Für echtzeitfähige HiL-Simulationen unter TwinCAT 3 (v4024.7, Win10)  benötige ich eine PCIe-Netzwerkkarte (am besten 2 oder 4 Ports pro  Karte) die vom TwinCAT-Treiber für Echtzeit-Ethernet unterstützt wird.

Eigentlich sollte laut Beckhoff ja jeder Ethernet-Adapter der Firma  Intel vom TwinCAT-Echtzeittreiber unterstützt werden. Ich habe jedoch  immer wieder das Problem, dass diverse Intel Onboard Lösungen (z.B.  Intel I211) von TwinCAT als inkompatibel bezeichnet werden.
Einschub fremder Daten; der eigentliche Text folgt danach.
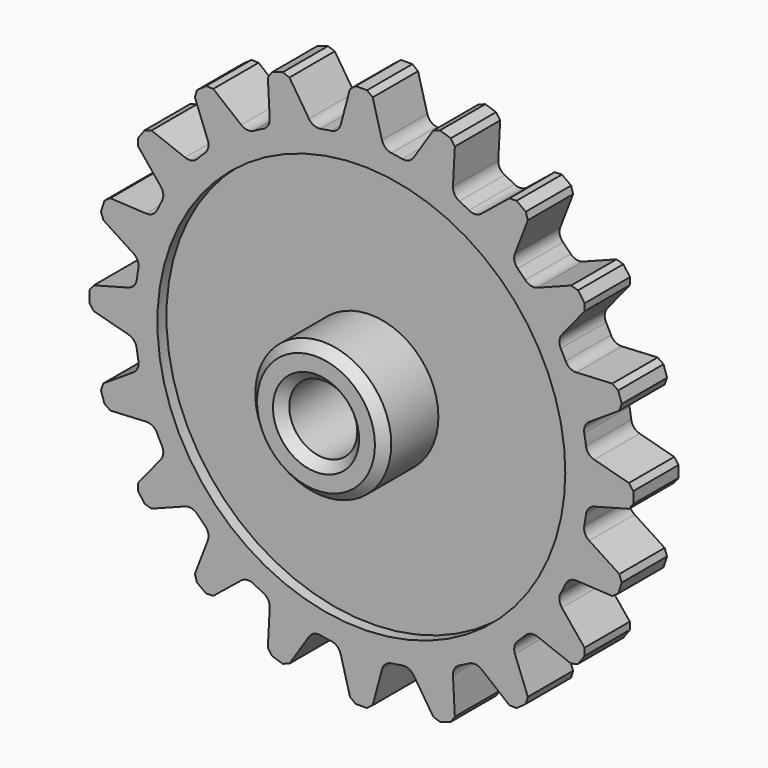
from build123d import *

# Parameters (mm, degrees)
F0_R            = 100
F1_DEPTH        = 25
F3_DEPTH        = 25
F3_COPIES_COUNT = 20
F4_SIZE         = 2
F5_R            = 5
F6_R            = 90
F7_DEPTH        = 5
F8_R            = 30
F9_DEPTH        = 30
F10_R           = 15
F11_DEPTH       = 50.001
F12_SIZE        = 4


# Not quite as in the source:
# - a pattern or mirror of a feature is missing from the dataset's text; its kind, count and spacing are read off the source's solid


with BuildPart() as f1:
    # F0 (on Front) → F1 (new body)
    with BuildSketch(Plane.XZ):
        Circle(F0_R)
    extrude(amount=F1_DEPTH)

    # F2 (on face) → F3 (join)
    with BuildSketch(Plane.XZ.offset(25)):
        with BuildLine():
            Line((9.9931095726, 99.4994359837), (4.5, 120))
            Line((4.5, 120), (-4.5, 120))
            Line((-4.5, 120), (-9.9931095726, 99.4994359837))
            ThreePointArc((-9.9931095726, 99.4994359837), (0, 100), (9.9931095726, 99.4994359837))
        make_face()
    f3 = extrude(amount=-F3_DEPTH)

    # F3_copies: F3 ×20 about axis
    f3_copies_axis = Axis((0, 0, 0), (0, 1, 0))
    for i in range(1, F3_COPIES_COUNT):
        add(f3.rotate(f3_copies_axis, i * 360 / F3_COPIES_COUNT))

    # F4
    f4_edges = [f1.edges().sort_by_distance(p)[0] for p in [
        (4.5, -12.5, 120),
        (-4.5, -12.5, 120),
        (-32.802285, -12.5, 115.517358),
        (-66.893654, -12.5, 99.727073),
        (-74.174807, -12.5, 94.437006),
        (-94.437006, -12.5, 74.174807),
        (-99.727073, -12.5, 66.893654),
        (-112.736205, -12.5, 41.361794),
        (-115.517358, -12.5, 32.802285),
        (-120, -12.5, 4.5),
        (-120, -12.5, -4.5),
        (-115.517358, -12.5, -32.802285),
        (-112.736205, -12.5, -41.361794),
        (-99.727073, -12.5, -66.893654),
        (-94.437006, -12.5, -74.174807),
        (-74.174807, -12.5, -94.437006),
        (-66.893654, -12.5, -99.727073),
        (-41.361794, -12.5, -112.736205),
        (-32.802285, -12.5, -115.517358),
        (-4.5, -12.5, -120),
        (4.5, -12.5, -120),
        (32.802285, -12.5, -115.517358),
        (41.361794, -12.5, -112.736205),
        (66.893654, -12.5, -99.727073),
        (74.174807, -12.5, -94.437006),
        (94.437006, -12.5, -74.174807),
        (99.727073, -12.5, -66.893654),
        (112.736205, -12.5, -41.361794),
        (115.517358, -12.5, -32.802285),
        (120, -12.5, -4.5),
        (120, -12.5, 4.5),
        (115.517358, -12.5, 32.802285),
        (112.736205, -12.5, 41.361794),
        (99.727073, -12.5, 66.893654),
        (94.437006, -12.5, 74.174807),
        (74.174807, -12.5, 94.437006),
        (66.893654, -12.5, 99.727073),
        (41.361794, -12.5, 112.736205),
        (32.802285, -12.5, 115.517358),
        (-41.361794, -12.5, 112.736205),
    ]]
    chamfer(f4_edges, length=F4_SIZE)

    # F5
    f5_edges = [f1.edges().sort_by_distance(p)[0] for p in [
        (-9.99311, -12.5, 99.499436),
        (9.99311, -12.5, 99.499436),
        (21.243005, -12.5, 97.717628),
        (-21.243005, -12.5, 97.717628),
        (40.251029, -12.5, 91.541546),
        (50.399706, -12.5, 86.370537),
        (-40.251029, -12.5, 91.541546),
        (-50.399706, -12.5, 86.370537),
        (66.568897, -12.5, 74.622932),
        (74.622932, -12.5, 66.568897),
        (-66.568897, -12.5, 74.622932),
        (-74.622932, -12.5, 66.568897),
        (86.370537, -12.5, 50.399706),
        (91.541546, -12.5, 40.251029),
        (-86.370537, -12.5, 50.399706),
        (-91.541546, -12.5, 40.251029),
        (97.717628, -12.5, 21.243005),
        (99.499436, -12.5, 9.99311),
        (-97.717628, -12.5, 21.243005),
        (-99.499436, -12.5, 9.99311),
        (99.499436, -12.5, -9.99311),
        (97.717628, -12.5, -21.243005),
        (-99.499436, -12.5, -9.99311),
        (-97.717628, -12.5, -21.243005),
        (91.541546, -12.5, -40.251029),
        (86.370537, -12.5, -50.399706),
        (-91.541546, -12.5, -40.251029),
        (-86.370537, -12.5, -50.399706),
        (74.622932, -12.5, -66.568897),
        (66.568897, -12.5, -74.622932),
        (-74.622932, -12.5, -66.568897),
        (-66.568897, -12.5, -74.622932),
        (50.399706, -12.5, -86.370537),
        (40.251029, -12.5, -91.541546),
        (-50.399706, -12.5, -86.370537),
        (-40.251029, -12.5, -91.541546),
        (21.243005, -12.5, -97.717628),
        (9.99311, -12.5, -99.499436),
        (-21.243005, -12.5, -97.717628),
        (-9.99311, -12.5, -99.499436),
    ]]
    fillet(f5_edges, radius=F5_R)

    # F6 (on face) → F7 (cut)
    with BuildSketch(Plane.XZ.offset(25)):
        Circle(F6_R)
    extrude(amount=-F7_DEPTH, mode=Mode.SUBTRACT)

    # F8 (on face) → F9 (join)
    with BuildSketch(Plane.XZ.offset(20)):
        Circle(F8_R)
    extrude(amount=F9_DEPTH)

    # F10 (on face) → F11 (cut, through all)
    with BuildSketch(Plane.XZ.offset(50)):
        Circle(F10_R)
    extrude(amount=-F11_DEPTH, mode=Mode.SUBTRACT)

    # F12
    f12_edges = [f1.edges().sort_by_distance(p)[0] for p in [
        (-30, -50, 0),
        (-15, -50, 0),
    ]]
    chamfer(f12_edges, length=F12_SIZE)


solid = f1.part

Auch eine  manuelle Treiberinstallation schlägt hier fehl.

Da die Beckhoff Netzwerkkarten (z.B. FC9024) recht teuer sind, wollte ich fragen ob Ihr preiswertere Alternativen kennt?

Im Moment nutze ich als "Notfalllösung" zwei Netzwerkkarten des Typs "Intel EXPI9301CTBLK Gigabit Desktop BLK".
Diese ist zwar ziemlich günstig (~30€), bietet jedoch nur einen Port :roll:


----------



## Guga (10 Mai 2020)

Die Beckhoff Echtzeit-Treiber sind soweit ich mich erinnere unter c:\Twincat\3.1\Driver (o.ä.) abgelegt.
Schau dir mit dem Text-Editor an welche Chipsätze dort unterstützt werden.

Ob sich der Ansatz kalkulatorisch aber rechnet (Arbeitszeit gegen Kosten der FC9024) wage ich zu bezweifeln.
Auch bei den prinzipiell unterstützten Intel Chipsätzen gibt es bessere und schlechtere da das Hauptaugenmerk von Intel nicht zwingend eine Echtzeitnutzung ist. 

Guga


----------



## Bambusbieger (11 Mai 2020)

Danke für die Rückmeldung Guga,
mit deiner Unterstützung habe ich die Echtzeittreiber unter "C:\TwinCAT\3.1\Driver\System" finden können. Laut meines Gerätemanagers ist "TcI8255x.inf" der von meinem System verwendete Treiber. Die ".inf" scheint tatsächlich eine Auflistung der unterstützen Chipsätze zu beinhalten, so dass ich mich mal auf die Suche nach entsprechenden Netzwerkkarten machen werde.




> Ob sich der Ansatz kalkulatorisch aber rechnet (Arbeitszeit gegen Kosten der FC9024) wage ich zu bezweifeln.


Da wir als Entwicklungsabteilung gleich 20-30 dieser Netzwerkkarten auf Vorrat kaufen, denke ich schon dass eine kurze Recherche (<3h) sich lohnen kann  Benötigt man dagegen nur eine einzelne Karte, gebe ich dir natürlich Recht


----------